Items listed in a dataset
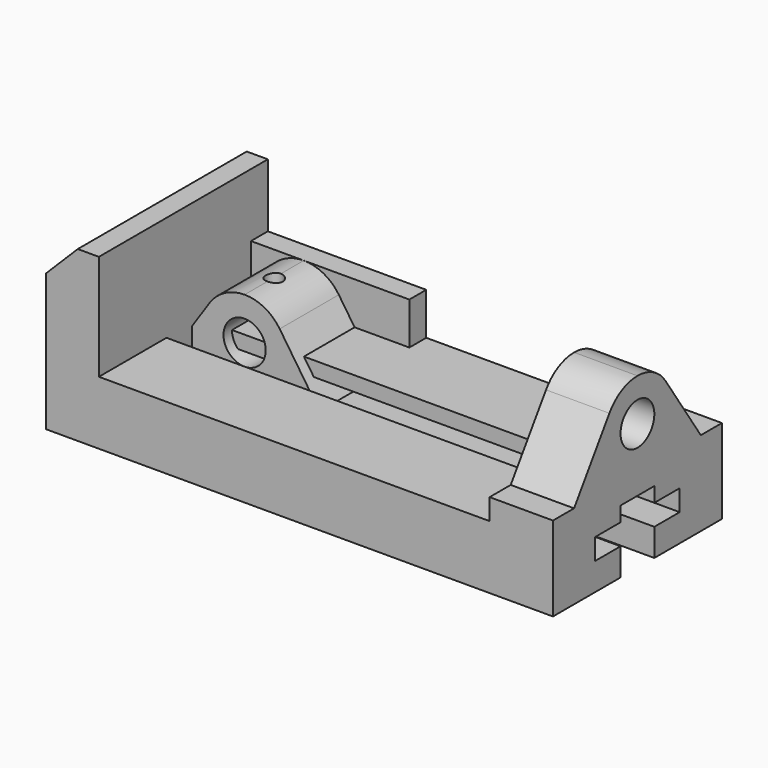
from build123d import *

# Parameters (mm, degrees)
F1_DEPTH  = 127
F2_SIZE2  = 19.05
F2_SIZE   = 19.05
F4_DEPTH  = 273.05
F5_R      = 12.7
F6_DEPTH  = 38.101
F8_DEPTH  = 57.15
F10_DEPTH = 44.45
F9_R      = 12.7
F11_DEPTH = 57.151
F12_R     = 5.08
F13_REACH = 99.4594097937
F14_R     = 12.7
F15_DEPTH = 279.4
F17_DEPTH = 25.4
F18_DEPTH = 2.54
F19_R     = 4.445
F20_DEPTH = 76.2


with BuildPart() as f1:
    # F0 (on Front) → F1 (new body)
    with BuildSketch(Plane.XZ):
        Polygon((31.75, 38.1), (31.75, 101.6), (0, 101.6), (0, 0), (304.8, 0), (304.8, 101.6), (266.7, 101.6), (266.7, 38.1), align=None)
    extrude(amount=F1_DEPTH)

    # F2
    f2_edges = [f1.edges().sort_by_distance(p)[0] for p in [
        (0, -63.5, 101.6),
    ]]
    chamfer(f2_edges, length=F2_SIZE, length2=F2_SIZE2)

    # F3 (on face) → F4 (cut, through all)
    with BuildSketch(Plane.YZ.offset(304.8)):
        Polygon((-76.2, 16.51), (-76.2, 0), (-50.8, 0), (-50.8, 16.51), (-31.75, 16.51), (-31.75, 29.21), (-50.8, 29.21), (-50.8, 38.1), (-76.2, 38.1), (-76.2, 29.21), (-95.25, 29.21), (-95.25, 16.51), align=None)
    extrude(amount=-F4_DEPTH, mode=Mode.SUBTRACT)

    # F5 (on face) → F6 (cut, through all)
    with BuildSketch(Plane(origin=(266.7, 0, 0), x_dir=(0, -1, 0), z_dir=(-1, 0, 0))):
        with BuildLine():
            Line((0, 101.6), (0, 50.8))
            Line((0, 50.8), (15.875, 50.8))
            Line((15.875, 50.8), (42.4065743945, 90.3501730104))
            ThreePointArc((42.4065743945, 90.3501730104), (51.5470588235, 98.6117647059), (63.5, 101.6))
            Line((63.5, 101.6), (0, 101.6))
        make_face()
        with BuildLine():
            Line((84.5934256055, 90.3501730104), (111.125, 50.8))
            Line((111.125, 50.8), (127, 50.8))
            Line((127, 50.8), (127, 101.6))
            Line((127, 101.6), (63.5, 101.6))
            ThreePointArc((63.5, 101.6), (75.4529411765, 98.6117647059), (84.5934256055, 90.3501730104))
        make_face()
        with Locations((63.5, 76.2)):
            Circle(F5_R)
    extrude(amount=-F6_DEPTH, mode=Mode.SUBTRACT)


with BuildPart() as f8:
    # F7 (on Front) → F8 (new body)
    with BuildSketch(Plane.XZ):
        Polygon((0, 63.5), (0, 0), (50.8, 0), (50.8, -8.89), (31.75, -8.89), (31.75, -21.59), (95.25, -21.59), (95.25, -8.89), (76.2, -8.89), (76.2, 0), (127, 0), (127, 63.5), align=None)
    extrude(amount=F8_DEPTH)

    # F9 (on face) → F10 (cut)
    with BuildSketch(Plane.XZ.offset(57.15)):
        with BuildLine():
            Line((0, 63.5), (0, 12.7))
            Line((0, 12.7), (15.875, 12.7))
            Line((15.875, 12.7), (42.4065743945, 52.2501730104))
            ThreePointArc((42.4065743945, 52.2501730104), (51.5470588235, 60.5117647059), (63.5, 63.5))
            Line((63.5, 63.5), (0, 63.5))
        make_face()
        with BuildLine():
            Line((127, 63.5), (63.5, 63.5))
            ThreePointArc((63.5, 63.5), (75.4529411765, 60.5117647059), (84.5934256055, 52.2501730104))
            Line((84.5934256055, 52.2501730104), (111.125, 12.7))
            Line((111.125, 12.7), (127, 12.7))
            Line((127, 12.7), (127, 63.5))
        make_face()
    extrude(amount=-F10_DEPTH, mode=Mode.SUBTRACT)

    # F9 (on face) → F11 (cut, through all)
    with BuildSketch(Plane.XZ.offset(57.15)):
        with Locations((63.5, 38.1)):
            Circle(F9_R)
    extrude(amount=-F11_DEPTH, mode=Mode.SUBTRACT)

    f13_end = f8.faces().sort_by_distance((50.8, -28.575, 38.1))[0]
    # F12 (on face) → F13 (cut, up to a face of the model that its end follows)
    with BuildSketch(Plane.XY.offset(63.5)):
        with Locations((63.5, -34.925)):
            Circle(F12_R)
    f13_long = extrude(amount=-F13_REACH, mode=Mode.PRIVATE)
    add(split(f13_long, bisect_by=f13_end, keep=Keep.ALL, mode=Mode.PRIVATE).solids().sort_by_distance((63.5, -34.925, 63.5))[0], mode=Mode.SUBTRACT)


with BuildPart() as f15:
    # F14 (on Right) → F15 (new body)
    with BuildSketch(Plane.YZ):
        Circle(F14_R)
    extrude(amount=F15_DEPTH)

    # F16 (on face) → F17 (cut)
    with BuildSketch(Plane.YZ.offset(279.4)):
        with BuildLine():
            ThreePointArc((5.8198711326, -2.54), (6.2160550871, -1.2973662374), (6.35, 0))
            ThreePointArc((6.35, 0), (6.2160550871, 1.2973662374), (5.8198711326, 2.54))
            ThreePointArc((5.8198711326, 2.54), (4.4901280605, 4.4901280605), (2.54, 5.8198711326))
            ThreePointArc((2.54, 5.8198711326), (0, 6.35), (-2.54, 5.8198711326))
            ThreePointArc((-2.54, 5.8198711326), (-4.4901280605, 4.4901280605), (-5.8198711326, 2.54))
            ThreePointArc((-5.8198711326, 2.54), (-6.35, 0), (-5.8198711326, -2.54))
            ThreePointArc((-5.8198711326, -2.54), (-4.4901280605, -4.4901280605), (-2.54, -5.8198711326))
            ThreePointArc((-2.54, -5.8198711326), (0, -6.35), (2.54, -5.8198711326))
            ThreePointArc((2.54, -5.8198711326), (4.4901280605, -4.4901280605), (5.8198711326, -2.54))
        make_face()
    extrude(amount=-F17_DEPTH, mode=Mode.SUBTRACT)

    # F16 (on face) → F18 (cut)
    with BuildSketch(Plane.YZ.offset(279.4)):
        with BuildLine():
            ThreePointArc((-5.8198711326, -2.54), (-6.35, 0), (-5.8198711326, 2.54))
            Line((-5.8198711326, 2.54), (-12.4434078933, 2.54))
            ThreePointArc((-12.4434078933, 2.54), (-12.7, 0), (-12.4434078933, -2.54))
            Line((-12.4434078933, -2.54), (-5.8198711326, -2.54))
        make_face()
        with BuildLine():
            ThreePointArc((-2.54, 5.8198711326), (0, 6.35), (2.54, 5.8198711326))
            Line((2.54, 5.8198711326), (2.54, 12.4434078933))
            ThreePointArc((2.54, 12.4434078933), (0, 12.7), (-2.54, 12.4434078933))
            Line((-2.54, 12.4434078933), (-2.54, 5.8198711326))
        make_face()
        with BuildLine():
            ThreePointArc((5.8198711326, 2.54), (6.2160550871, 1.2973662374), (6.35, 0))
            ThreePointArc((6.35, 0), (6.2160550871, -1.2973662374), (5.8198711326, -2.54))
            Line((5.8198711326, -2.54), (12.4434078933, -2.54))
            ThreePointArc((12.4434078933, -2.54), (12.6356891432, -1.2764638175), (12.7, 0))
            ThreePointArc((12.7, 0), (12.6356891432, 1.2764638175), (12.4434078933, 2.54))
            Line((12.4434078933, 2.54), (5.8198711326, 2.54))
        make_face()
        with BuildLine():
            Line((2.54, -12.4434078933), (2.54, -5.8198711326))
            ThreePointArc((2.54, -5.8198711326), (0, -6.35), (-2.54, -5.8198711326))
            Line((-2.54, -5.8198711326), (-2.54, -12.4434078933))
            ThreePointArc((-2.54, -12.4434078933), (0, -12.7), (2.54, -12.4434078933))
        make_face()
    extrude(amount=-F18_DEPTH, mode=Mode.SUBTRACT)


with BuildPart() as f20:
    # F19 (on Right) → F20 (new body, symmetric)
    with BuildSketch(Plane.YZ):
        Circle(F19_R)
    extrude(amount=F20_DEPTH, both=True)

    # F21 (on Front) → F22 (revolve)
    with BuildSketch(Plane.XZ):
        Polygon((0, 15.875), (0, -60.325), (6.35, -60.325), (6.35, -15.875), (15.875, -15.875), (15.875, 15.875), align=None)
    revolve(axis=Axis((0, 0, -22.225), (0, 0, -1)))

    # F23 (on Front) → F24 (revolve)
    with BuildSketch(Plane.XZ):
        with BuildLine():
            Line((-86.36, 0), (-66.04, 0))
            ThreePointArc((-66.04, 0), (-76.2, 10.16), (-86.36, 0))
        make_face()
        with BuildLine():
            Line((66.04, 0), (86.36, 0))
            ThreePointArc((86.36, 0), (76.2, 10.16), (66.04, 0))
        make_face()
    revolve(axis=Axis((-76.2, 0, 0), (1, 0, 0)))


solid = Compound([f1.part, f8.part, f15.part, f20.part])

■ **TO DO**: Output must be limited to the lines beginning with the one that contains "Circle(F19_R)" and ending with the last line of the entries, reproduced exactly.

■ **YOUR SOLUTION**:
        Circle(F19_R)
    extrude(amount=F20_DEPTH, both=True)

    # F21 (on Front) → F22 (revolve)
    with BuildSketch(Plane.XZ):
        Polygon((0, 15.875), (0, -60.325), (6.35, -60.325), (6.35, -15.875), (15.875, -15.875), (15.875, 15.875), align=None)
    revolve(axis=Axis((0, 0, -22.225), (0, 0, -1)))

    # F23 (on Front) → F24 (revolve)
    with BuildSketch(Plane.XZ):
        with BuildLine():
            Line((-86.36, 0), (-66.04, 0))
            ThreePointArc((-66.04, 0), (-76.2, 10.16), (-86.36, 0))
        make_face()
        with BuildLine():
            Line((66.04, 0), (86.36, 0))
            ThreePointArc((86.36, 0), (76.2, 10.16), (66.04, 0))
        make_face()
    revolve(axis=Axis((-76.2, 0, 0), (1, 0, 0)))


solid = Compound([f1.part, f8.part, f15.part, f20.part])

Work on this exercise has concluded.